• _Prompt_
Search the records for the string "layers", then copy each line that has it.

════════

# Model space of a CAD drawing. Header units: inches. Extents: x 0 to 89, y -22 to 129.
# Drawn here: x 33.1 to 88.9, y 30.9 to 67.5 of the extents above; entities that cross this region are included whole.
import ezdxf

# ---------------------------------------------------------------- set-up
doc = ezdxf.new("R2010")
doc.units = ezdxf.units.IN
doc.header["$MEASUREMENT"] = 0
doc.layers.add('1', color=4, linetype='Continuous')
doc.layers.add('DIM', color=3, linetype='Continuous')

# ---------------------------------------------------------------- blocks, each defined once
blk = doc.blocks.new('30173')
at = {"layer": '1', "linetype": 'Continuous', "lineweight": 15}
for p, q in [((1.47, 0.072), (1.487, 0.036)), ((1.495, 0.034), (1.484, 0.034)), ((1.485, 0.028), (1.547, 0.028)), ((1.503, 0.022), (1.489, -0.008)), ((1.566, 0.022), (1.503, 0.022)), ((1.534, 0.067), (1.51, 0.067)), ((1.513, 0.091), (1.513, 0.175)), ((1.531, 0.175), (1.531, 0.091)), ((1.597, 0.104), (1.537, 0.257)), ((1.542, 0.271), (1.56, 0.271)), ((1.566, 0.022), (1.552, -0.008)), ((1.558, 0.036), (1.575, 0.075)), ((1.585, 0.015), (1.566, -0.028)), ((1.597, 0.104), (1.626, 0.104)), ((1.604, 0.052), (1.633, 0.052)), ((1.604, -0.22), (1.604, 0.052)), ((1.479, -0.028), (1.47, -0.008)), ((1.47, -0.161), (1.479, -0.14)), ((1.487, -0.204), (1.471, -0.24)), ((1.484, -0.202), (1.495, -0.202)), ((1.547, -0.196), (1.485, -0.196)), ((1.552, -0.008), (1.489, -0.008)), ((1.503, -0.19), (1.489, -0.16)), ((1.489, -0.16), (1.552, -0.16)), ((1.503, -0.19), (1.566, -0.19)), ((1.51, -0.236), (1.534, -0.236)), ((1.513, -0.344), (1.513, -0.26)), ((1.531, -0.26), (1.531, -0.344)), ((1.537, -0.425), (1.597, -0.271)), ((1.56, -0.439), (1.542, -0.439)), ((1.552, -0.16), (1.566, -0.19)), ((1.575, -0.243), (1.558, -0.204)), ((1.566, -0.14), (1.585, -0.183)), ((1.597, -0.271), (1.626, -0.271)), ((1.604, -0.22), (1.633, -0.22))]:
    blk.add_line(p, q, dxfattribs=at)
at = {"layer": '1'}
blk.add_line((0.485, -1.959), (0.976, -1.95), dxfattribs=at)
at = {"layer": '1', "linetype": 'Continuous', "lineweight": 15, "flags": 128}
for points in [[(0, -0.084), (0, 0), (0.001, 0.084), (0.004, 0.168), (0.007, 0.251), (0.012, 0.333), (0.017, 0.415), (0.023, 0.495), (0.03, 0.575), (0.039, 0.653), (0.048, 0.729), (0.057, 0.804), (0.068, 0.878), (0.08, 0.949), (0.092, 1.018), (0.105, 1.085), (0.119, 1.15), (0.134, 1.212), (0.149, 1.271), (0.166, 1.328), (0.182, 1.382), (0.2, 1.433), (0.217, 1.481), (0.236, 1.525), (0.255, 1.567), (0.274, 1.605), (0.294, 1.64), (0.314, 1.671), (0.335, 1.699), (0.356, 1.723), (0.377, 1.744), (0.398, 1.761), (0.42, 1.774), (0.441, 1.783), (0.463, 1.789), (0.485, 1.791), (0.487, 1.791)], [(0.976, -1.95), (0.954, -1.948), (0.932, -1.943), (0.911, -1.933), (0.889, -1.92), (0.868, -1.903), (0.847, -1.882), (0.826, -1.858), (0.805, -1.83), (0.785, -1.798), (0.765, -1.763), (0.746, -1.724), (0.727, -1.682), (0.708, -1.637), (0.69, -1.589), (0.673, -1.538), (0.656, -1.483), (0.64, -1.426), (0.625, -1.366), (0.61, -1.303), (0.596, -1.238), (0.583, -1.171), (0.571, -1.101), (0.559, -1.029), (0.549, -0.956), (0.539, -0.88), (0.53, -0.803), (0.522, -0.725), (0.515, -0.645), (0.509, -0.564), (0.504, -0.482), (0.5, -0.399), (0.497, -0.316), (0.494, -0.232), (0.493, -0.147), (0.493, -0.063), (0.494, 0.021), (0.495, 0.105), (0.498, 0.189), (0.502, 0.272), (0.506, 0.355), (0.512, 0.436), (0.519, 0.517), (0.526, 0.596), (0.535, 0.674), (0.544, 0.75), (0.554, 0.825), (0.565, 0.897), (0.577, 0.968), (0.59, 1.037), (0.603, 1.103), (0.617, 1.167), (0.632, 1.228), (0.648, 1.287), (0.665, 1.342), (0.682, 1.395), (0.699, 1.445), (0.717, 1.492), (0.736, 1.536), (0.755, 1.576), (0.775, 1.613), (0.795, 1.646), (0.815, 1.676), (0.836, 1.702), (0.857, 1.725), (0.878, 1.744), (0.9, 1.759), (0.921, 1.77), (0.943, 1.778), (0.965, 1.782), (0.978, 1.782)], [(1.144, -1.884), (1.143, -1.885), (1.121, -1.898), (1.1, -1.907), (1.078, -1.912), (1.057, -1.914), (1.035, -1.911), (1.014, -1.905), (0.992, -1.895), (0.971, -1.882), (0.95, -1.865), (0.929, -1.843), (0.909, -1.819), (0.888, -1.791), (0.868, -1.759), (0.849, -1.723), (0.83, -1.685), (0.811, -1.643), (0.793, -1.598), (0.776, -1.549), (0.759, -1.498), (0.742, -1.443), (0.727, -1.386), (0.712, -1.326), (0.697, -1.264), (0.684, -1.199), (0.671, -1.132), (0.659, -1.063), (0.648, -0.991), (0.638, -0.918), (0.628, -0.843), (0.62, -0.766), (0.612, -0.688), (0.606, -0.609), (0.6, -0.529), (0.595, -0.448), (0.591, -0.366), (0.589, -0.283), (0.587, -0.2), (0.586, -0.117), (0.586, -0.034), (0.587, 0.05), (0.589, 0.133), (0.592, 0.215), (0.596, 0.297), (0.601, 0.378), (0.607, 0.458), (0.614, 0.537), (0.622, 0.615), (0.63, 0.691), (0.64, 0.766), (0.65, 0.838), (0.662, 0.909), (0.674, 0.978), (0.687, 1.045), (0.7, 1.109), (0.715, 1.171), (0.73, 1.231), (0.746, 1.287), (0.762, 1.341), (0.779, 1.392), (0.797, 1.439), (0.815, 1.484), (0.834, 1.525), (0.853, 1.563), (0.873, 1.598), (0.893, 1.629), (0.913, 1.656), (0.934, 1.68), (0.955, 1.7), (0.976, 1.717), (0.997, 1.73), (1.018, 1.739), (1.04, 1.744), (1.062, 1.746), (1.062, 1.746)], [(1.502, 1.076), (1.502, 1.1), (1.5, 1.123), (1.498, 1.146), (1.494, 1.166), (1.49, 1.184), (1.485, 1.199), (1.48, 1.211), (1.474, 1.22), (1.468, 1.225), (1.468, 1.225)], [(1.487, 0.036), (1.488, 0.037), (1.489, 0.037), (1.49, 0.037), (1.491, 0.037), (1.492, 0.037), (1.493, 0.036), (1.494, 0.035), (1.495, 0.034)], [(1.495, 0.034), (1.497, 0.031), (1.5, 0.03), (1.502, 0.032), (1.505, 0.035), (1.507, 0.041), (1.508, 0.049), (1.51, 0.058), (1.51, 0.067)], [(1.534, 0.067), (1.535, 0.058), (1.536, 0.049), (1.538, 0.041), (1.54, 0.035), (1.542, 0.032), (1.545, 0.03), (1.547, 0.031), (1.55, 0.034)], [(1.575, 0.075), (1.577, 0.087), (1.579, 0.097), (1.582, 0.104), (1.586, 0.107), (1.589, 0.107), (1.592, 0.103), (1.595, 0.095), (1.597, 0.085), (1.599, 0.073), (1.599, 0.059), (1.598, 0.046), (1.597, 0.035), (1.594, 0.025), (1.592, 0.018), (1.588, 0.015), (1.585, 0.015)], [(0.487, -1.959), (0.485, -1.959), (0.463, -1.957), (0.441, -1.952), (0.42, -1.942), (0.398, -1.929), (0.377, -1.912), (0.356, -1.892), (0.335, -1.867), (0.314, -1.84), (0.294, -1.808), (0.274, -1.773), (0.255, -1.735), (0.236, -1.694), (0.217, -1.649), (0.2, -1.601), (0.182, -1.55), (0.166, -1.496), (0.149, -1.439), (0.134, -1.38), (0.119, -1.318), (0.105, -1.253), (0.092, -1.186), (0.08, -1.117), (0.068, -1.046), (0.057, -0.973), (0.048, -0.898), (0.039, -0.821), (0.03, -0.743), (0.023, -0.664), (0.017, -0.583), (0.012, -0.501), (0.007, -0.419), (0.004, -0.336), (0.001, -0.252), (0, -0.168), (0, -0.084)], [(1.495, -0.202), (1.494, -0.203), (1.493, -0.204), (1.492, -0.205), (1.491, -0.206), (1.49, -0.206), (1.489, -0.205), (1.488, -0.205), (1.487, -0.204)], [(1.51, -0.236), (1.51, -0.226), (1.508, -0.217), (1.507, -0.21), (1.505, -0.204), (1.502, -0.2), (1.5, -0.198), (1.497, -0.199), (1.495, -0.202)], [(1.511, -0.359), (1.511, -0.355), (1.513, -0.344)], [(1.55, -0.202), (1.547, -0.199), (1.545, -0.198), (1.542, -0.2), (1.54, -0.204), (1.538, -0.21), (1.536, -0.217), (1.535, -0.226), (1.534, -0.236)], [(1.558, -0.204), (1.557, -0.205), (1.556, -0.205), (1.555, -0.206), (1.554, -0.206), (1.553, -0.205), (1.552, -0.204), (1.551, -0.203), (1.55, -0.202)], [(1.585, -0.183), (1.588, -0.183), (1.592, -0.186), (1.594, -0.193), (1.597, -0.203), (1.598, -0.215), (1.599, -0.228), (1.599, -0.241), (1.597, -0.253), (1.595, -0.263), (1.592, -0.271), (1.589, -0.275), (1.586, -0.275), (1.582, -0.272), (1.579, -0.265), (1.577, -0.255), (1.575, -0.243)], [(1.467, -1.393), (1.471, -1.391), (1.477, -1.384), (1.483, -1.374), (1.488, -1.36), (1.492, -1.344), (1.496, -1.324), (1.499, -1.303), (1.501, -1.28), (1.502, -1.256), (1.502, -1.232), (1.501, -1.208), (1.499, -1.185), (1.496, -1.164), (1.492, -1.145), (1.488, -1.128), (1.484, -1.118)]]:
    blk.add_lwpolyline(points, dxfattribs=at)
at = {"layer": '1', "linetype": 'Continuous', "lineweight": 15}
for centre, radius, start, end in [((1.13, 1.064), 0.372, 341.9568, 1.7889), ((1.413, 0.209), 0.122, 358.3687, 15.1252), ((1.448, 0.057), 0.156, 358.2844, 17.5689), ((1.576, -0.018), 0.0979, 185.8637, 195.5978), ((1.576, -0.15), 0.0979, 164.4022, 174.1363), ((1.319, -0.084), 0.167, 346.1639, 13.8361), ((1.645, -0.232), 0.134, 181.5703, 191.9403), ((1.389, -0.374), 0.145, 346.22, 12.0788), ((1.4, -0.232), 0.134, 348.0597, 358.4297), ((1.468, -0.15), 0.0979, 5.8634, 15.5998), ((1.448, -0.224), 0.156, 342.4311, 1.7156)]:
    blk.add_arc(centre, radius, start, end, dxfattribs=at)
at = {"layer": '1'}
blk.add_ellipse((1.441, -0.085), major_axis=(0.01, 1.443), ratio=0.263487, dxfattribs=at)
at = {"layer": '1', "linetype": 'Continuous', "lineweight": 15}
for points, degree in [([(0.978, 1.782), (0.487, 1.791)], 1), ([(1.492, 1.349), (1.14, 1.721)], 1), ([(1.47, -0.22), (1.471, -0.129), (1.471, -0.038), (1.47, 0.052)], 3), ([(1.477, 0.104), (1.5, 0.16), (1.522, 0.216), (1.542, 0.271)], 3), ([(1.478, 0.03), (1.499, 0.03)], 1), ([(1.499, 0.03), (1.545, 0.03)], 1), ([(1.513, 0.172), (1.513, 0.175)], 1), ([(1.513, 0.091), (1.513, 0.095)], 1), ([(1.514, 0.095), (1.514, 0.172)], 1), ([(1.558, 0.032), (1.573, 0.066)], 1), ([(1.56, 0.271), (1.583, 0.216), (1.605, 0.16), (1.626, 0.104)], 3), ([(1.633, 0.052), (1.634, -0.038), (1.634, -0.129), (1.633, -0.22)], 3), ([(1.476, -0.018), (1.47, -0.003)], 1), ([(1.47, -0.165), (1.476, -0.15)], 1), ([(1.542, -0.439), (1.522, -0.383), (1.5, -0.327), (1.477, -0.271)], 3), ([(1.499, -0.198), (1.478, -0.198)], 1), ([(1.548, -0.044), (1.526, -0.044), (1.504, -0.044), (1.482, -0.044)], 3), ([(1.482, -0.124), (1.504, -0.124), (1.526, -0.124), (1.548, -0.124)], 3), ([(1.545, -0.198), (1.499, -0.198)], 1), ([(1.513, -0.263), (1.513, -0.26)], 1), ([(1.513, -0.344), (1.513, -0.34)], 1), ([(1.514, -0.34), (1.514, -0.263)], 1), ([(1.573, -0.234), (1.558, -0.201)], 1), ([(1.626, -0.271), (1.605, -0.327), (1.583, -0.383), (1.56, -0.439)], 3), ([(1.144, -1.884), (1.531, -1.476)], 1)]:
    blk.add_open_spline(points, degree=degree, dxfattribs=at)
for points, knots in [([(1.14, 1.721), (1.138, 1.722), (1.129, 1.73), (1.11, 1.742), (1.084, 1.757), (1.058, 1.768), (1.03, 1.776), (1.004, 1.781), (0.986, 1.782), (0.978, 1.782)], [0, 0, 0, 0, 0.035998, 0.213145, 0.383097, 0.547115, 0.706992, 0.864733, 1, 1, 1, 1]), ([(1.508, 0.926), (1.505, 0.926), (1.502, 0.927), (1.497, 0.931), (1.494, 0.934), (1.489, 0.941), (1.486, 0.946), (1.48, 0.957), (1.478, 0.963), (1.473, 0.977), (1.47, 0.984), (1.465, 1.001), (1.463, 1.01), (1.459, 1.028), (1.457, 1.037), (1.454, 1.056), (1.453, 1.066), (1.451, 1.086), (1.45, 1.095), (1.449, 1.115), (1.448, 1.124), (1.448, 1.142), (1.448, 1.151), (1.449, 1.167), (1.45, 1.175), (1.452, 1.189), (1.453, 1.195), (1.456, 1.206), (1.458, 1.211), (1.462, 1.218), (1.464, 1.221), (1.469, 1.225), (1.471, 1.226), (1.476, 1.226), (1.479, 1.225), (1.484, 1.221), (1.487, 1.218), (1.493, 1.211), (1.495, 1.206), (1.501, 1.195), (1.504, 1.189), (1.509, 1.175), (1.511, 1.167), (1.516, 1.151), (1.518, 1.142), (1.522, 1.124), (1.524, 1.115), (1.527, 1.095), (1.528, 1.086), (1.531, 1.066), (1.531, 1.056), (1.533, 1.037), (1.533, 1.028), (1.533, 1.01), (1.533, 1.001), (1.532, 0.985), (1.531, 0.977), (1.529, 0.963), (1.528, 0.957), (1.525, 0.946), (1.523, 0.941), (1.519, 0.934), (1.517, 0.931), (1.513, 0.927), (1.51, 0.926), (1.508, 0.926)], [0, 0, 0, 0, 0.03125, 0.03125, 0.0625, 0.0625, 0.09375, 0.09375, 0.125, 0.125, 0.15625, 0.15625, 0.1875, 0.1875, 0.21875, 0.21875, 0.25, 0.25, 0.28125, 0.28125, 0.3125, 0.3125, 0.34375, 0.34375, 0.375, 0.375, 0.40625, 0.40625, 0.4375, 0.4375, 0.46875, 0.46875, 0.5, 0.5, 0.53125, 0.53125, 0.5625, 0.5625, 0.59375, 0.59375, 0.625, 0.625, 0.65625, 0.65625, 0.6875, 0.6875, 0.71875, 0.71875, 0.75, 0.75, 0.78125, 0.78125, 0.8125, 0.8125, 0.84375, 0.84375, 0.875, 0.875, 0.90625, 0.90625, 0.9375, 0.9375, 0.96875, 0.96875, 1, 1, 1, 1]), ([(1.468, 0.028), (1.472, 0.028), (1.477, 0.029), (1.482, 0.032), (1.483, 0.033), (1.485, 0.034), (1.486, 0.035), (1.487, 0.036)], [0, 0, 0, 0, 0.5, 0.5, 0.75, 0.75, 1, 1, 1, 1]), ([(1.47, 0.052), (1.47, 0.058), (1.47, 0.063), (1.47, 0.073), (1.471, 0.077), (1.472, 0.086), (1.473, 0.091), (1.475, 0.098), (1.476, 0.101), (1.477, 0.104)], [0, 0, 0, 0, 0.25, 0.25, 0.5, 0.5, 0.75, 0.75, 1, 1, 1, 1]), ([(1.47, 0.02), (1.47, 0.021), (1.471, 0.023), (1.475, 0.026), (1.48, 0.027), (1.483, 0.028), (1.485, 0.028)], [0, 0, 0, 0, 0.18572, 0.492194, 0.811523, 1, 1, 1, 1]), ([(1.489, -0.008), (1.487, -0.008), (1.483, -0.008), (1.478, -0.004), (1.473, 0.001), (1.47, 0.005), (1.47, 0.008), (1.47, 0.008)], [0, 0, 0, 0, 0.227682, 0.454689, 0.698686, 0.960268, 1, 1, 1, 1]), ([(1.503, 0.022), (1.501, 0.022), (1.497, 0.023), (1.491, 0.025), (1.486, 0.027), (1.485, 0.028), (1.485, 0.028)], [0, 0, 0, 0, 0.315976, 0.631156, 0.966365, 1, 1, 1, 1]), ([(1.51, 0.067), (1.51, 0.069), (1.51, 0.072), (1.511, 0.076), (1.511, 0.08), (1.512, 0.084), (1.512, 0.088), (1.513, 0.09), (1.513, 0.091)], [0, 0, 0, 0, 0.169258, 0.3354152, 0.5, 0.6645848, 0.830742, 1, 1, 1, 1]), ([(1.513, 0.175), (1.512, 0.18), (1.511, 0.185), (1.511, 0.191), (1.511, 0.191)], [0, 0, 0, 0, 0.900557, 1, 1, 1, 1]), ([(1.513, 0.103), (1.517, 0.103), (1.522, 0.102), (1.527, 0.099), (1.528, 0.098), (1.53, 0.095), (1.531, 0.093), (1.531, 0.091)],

════════

• _Exercise response_
doc.layers.add('1', color=4, linetype='Continuous')
doc.layers.add('DIM', color=3, linetype='Continuous')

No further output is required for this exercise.